___ MATERIAL PROVIDED ___

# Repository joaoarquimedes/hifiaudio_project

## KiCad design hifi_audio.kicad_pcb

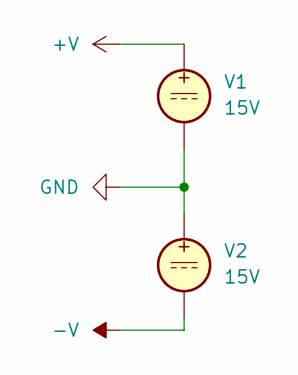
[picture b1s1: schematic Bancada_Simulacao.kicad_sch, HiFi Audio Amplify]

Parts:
V1, V2: 15V

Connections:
unnamed: V1.2, V2.1

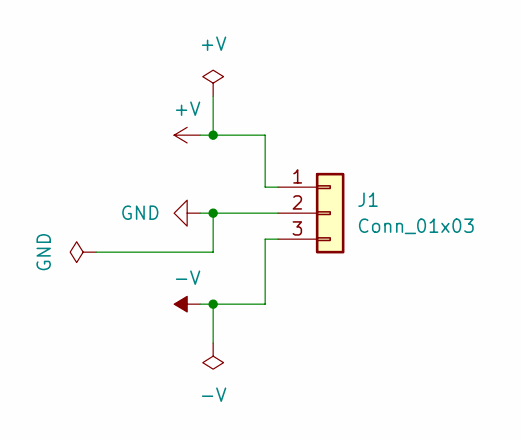
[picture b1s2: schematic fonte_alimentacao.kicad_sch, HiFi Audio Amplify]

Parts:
J1: Conn_01x03; JST_XH_B3B-XH-A_1x03_P2.50mm_Vertical

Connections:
+V: J1.1; also elsewhere on the board
-V: J1.3; also elsewhere on the board
GND: J1.2; also elsewhere on the board

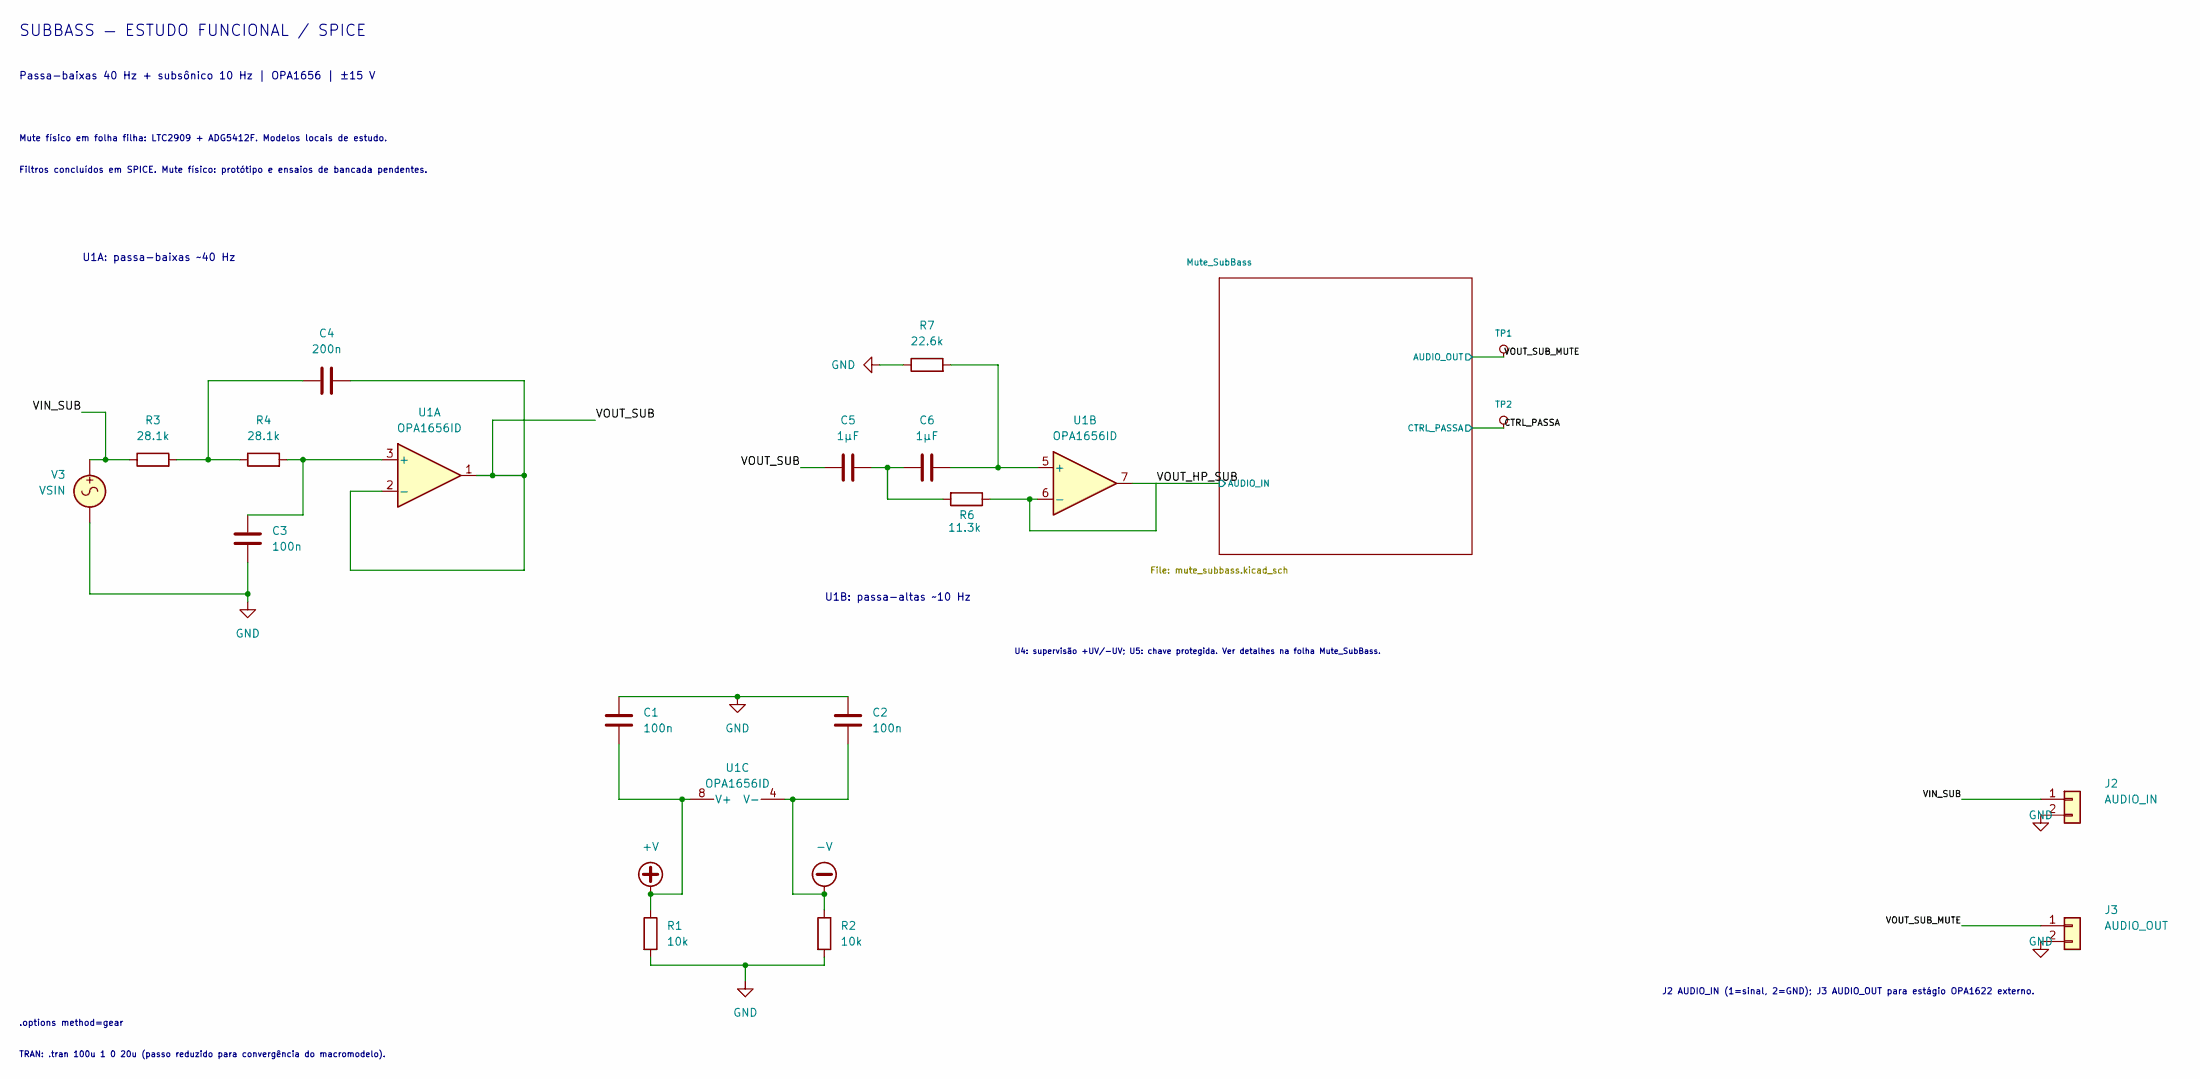
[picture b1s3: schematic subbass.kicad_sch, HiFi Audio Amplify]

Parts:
C1, C2, C3: 100n; C_0805_2012Metric
C4: 200n; C_0805_2012Metric
C5, C6: 1µF; C_1206_3216Metric
J2: AUDIO_IN; JST_XH_B2B-XH-A_1x02_P2.50mm_Vertical
J3: AUDIO_OUT; JST_XH_B2B-XH-A_1x02_P2.50mm_Vertical
R1, R2: 10k; R_0805_2012Metric
R3, R4: 28.1k; R_0805_2012Metric
R6: 11.3k; R_0805_2012Metric
R7: 22.6k; R_0805_2012Metric
TP1, TP2: TestPoint; TestPoint_Pad_D1.5mm
U1: OPA1656ID; SOIC-8_3.9x4.9mm_P1.27mm
V3: VSIN

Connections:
+V: C1.2, R1.1, U1.8 (V+); also elsewhere on the board
-V: C2.2, R2.1, U1.4 (V-); also elsewhere on the board
/subbass/CTRL_PASSA: TP2.1; also elsewhere on the board
/subbass/VIN_SUB: J2.1, R3.1, V3.1
/subbass/VOUT_HP_SUB: R6.1, U1.6 (-), U1.7; also elsewhere on the board
/subbass/VOUT_SUB: C4.2, C5.1, U1.1, U1.2 (-)
/subbass/VOUT_SUB_MUTE: J3.1, TP1.1; also elsewhere on the board
GND: C1.1, C2.1, C3.2, J2.2, J3.2, R1.2, R2.2, R7.1, V3.2; also elsewhere on the board
unnamed: C4.1, R3.2, R4.1
unnamed: C5.2, C6.1, R6.2
unnamed: C3.1, R4.2, U1.3 (+)
unnamed: C6.2, R7.2, U1.5 (+)

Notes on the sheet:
SUBBASS — ESTUDO FUNCIONAL / SPICE
Passa-baixas 40 Hz + subsônico 10 Hz | OPA1656 | ±15 V
U1A: passa-baixas ~40 Hz
U1B: passa-altas ~10 Hz
.options method=gear
TRAN: .tran 100u 1 0 20u (passo reduzido para convergência do macromodelo).
Mute físico em folha filha: LTC2909 + ADG5412F. Modelos locais de estudo.
Filtros concluídos em SPICE. Mute físico: protótipo e ensaios de bancada pendentes.
U4: supervisão +UV/-UV; U5: chave protegida. Ver detalhes na folha Mute_SubBass.
J2 AUDIO_IN (1=sinal, 2=GND); J3 AUDIO_OUT para estágio OPA1622 externo.

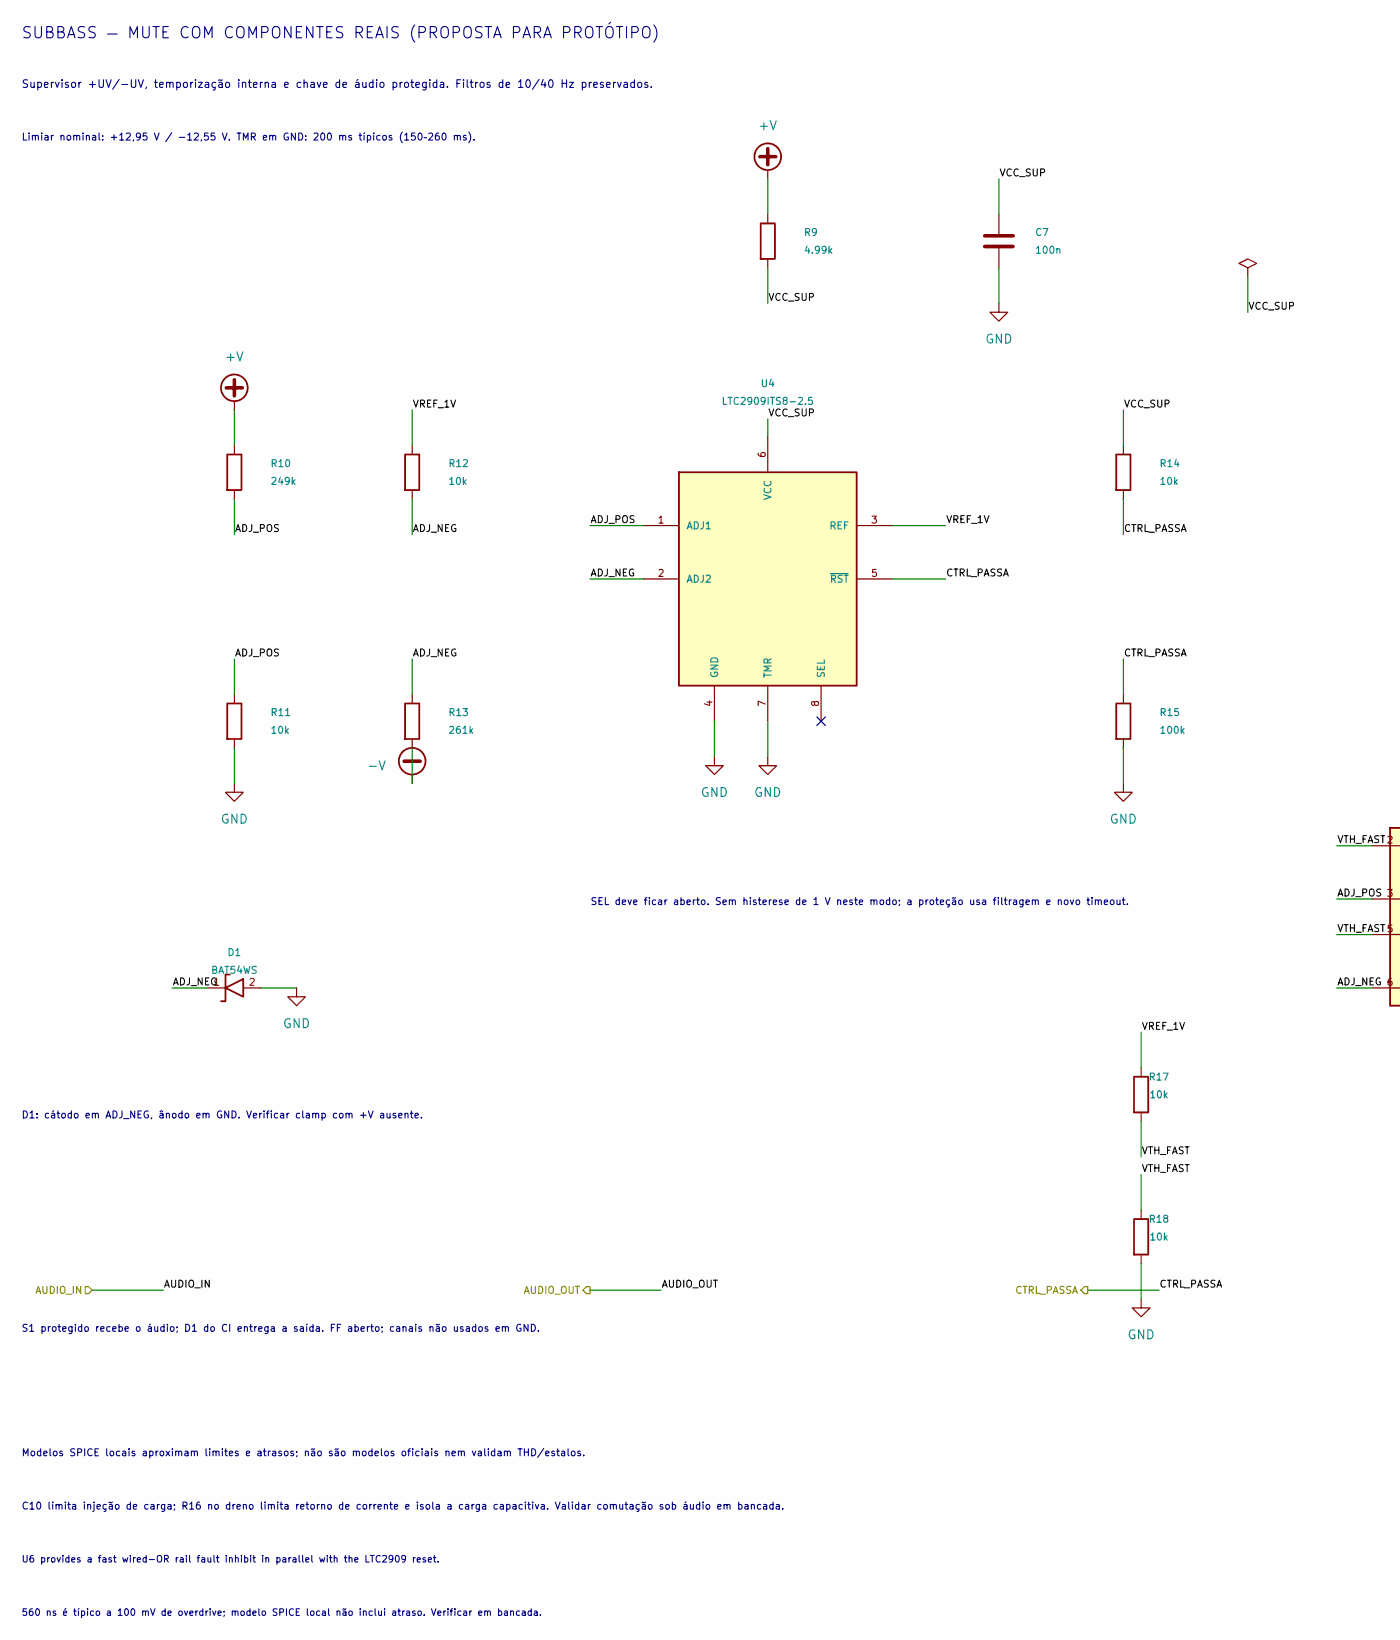
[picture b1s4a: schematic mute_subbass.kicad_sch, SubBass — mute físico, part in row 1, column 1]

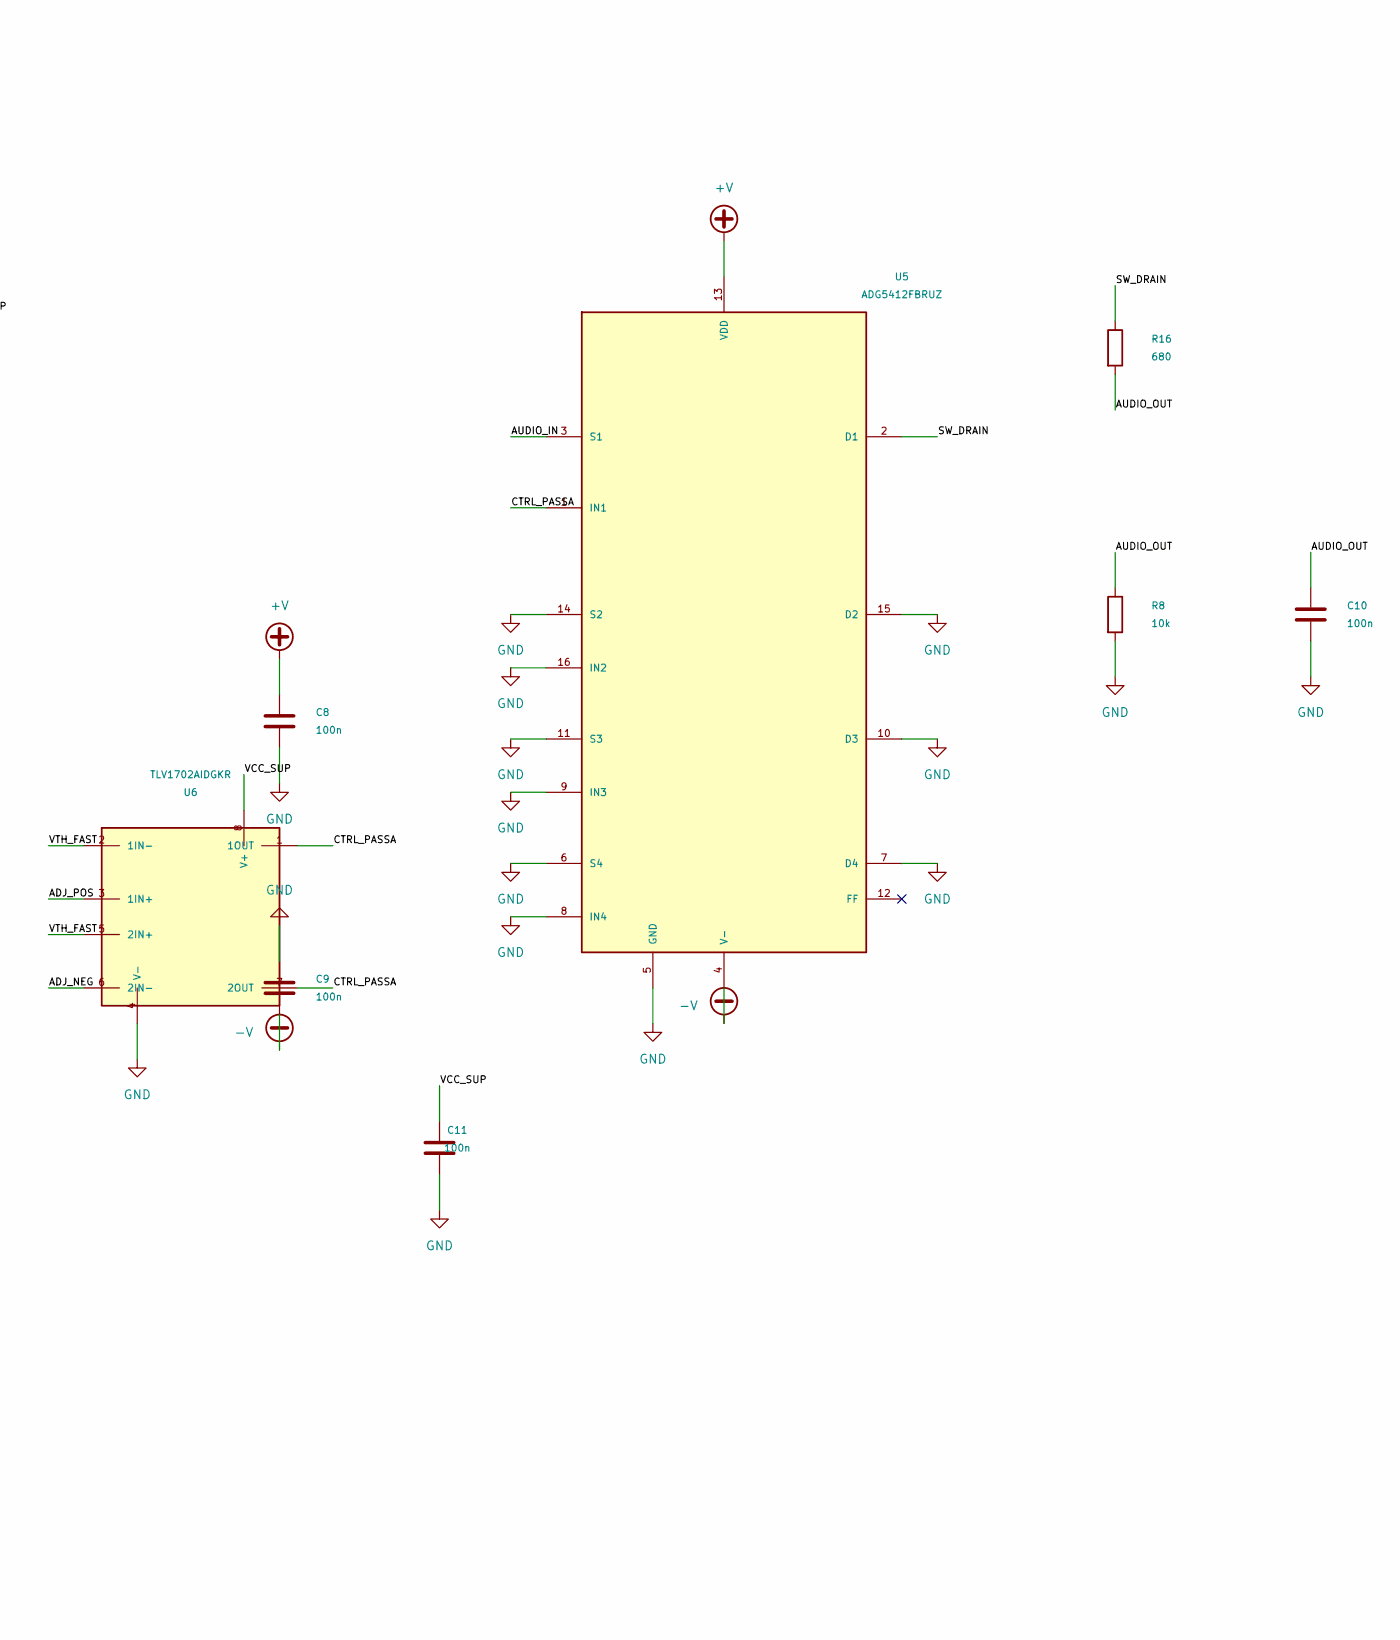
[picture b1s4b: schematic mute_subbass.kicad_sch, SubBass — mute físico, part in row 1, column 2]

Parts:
C7, C8, C9: 100n; C_0805_2012Metric; Voltage 50V; Tolerance 10%
C10: 100n; C_1206_3216Metric; Voltage 50V; Tolerance 5%
C11: 100n; C_0805_2012Metric; Voltage 50V; MPN GRM21BR71H104KA01L
D1: BAT54WS; D_SOD-323; MPN BAT54WS-7-F
R8, R14: 10k; R_0805_2012Metric; Tolerance 1%
R9: 4.99k; R_0805_2012Metric; Tolerance 0.1%
R10: 249k; R_0805_2012Metric; Tolerance 0.1%
R11, R12: 10k; R_0805_2012Metric; Tolerance 0.1%
R13: 261k; R_0805_2012Metric; Tolerance 0.1%
R15: 100k; R_0805_2012Metric; Tolerance 1%
R16: 680; R_1206_3216Metric; Tolerance 1%
R17, R18: 10k; R_0805_2012Metric; Tolerance 1%; MPN CRCW080510K0FKEA
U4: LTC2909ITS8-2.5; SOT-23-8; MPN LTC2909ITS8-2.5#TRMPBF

___

▸ **WORK ITEM**
Could you please find every line of the listing above holding the string "schematic" and copy it?

▸ **RESULT OF THE TASK**
[picture b1s1: schematic Bancada_Simulacao.kicad_sch, HiFi Audio Amplify]
[picture b1s2: schematic fonte_alimentacao.kicad_sch, HiFi Audio Amplify]
[picture b1s3: schematic subbass.kicad_sch, HiFi Audio Amplify]
[picture b1s4a: schematic mute_subbass.kicad_sch, SubBass — mute físico, part in row 1, column 1]
[picture b1s4b: schematic mute_subbass.kicad_sch, SubBass — mute físico, part in row 1, column 2]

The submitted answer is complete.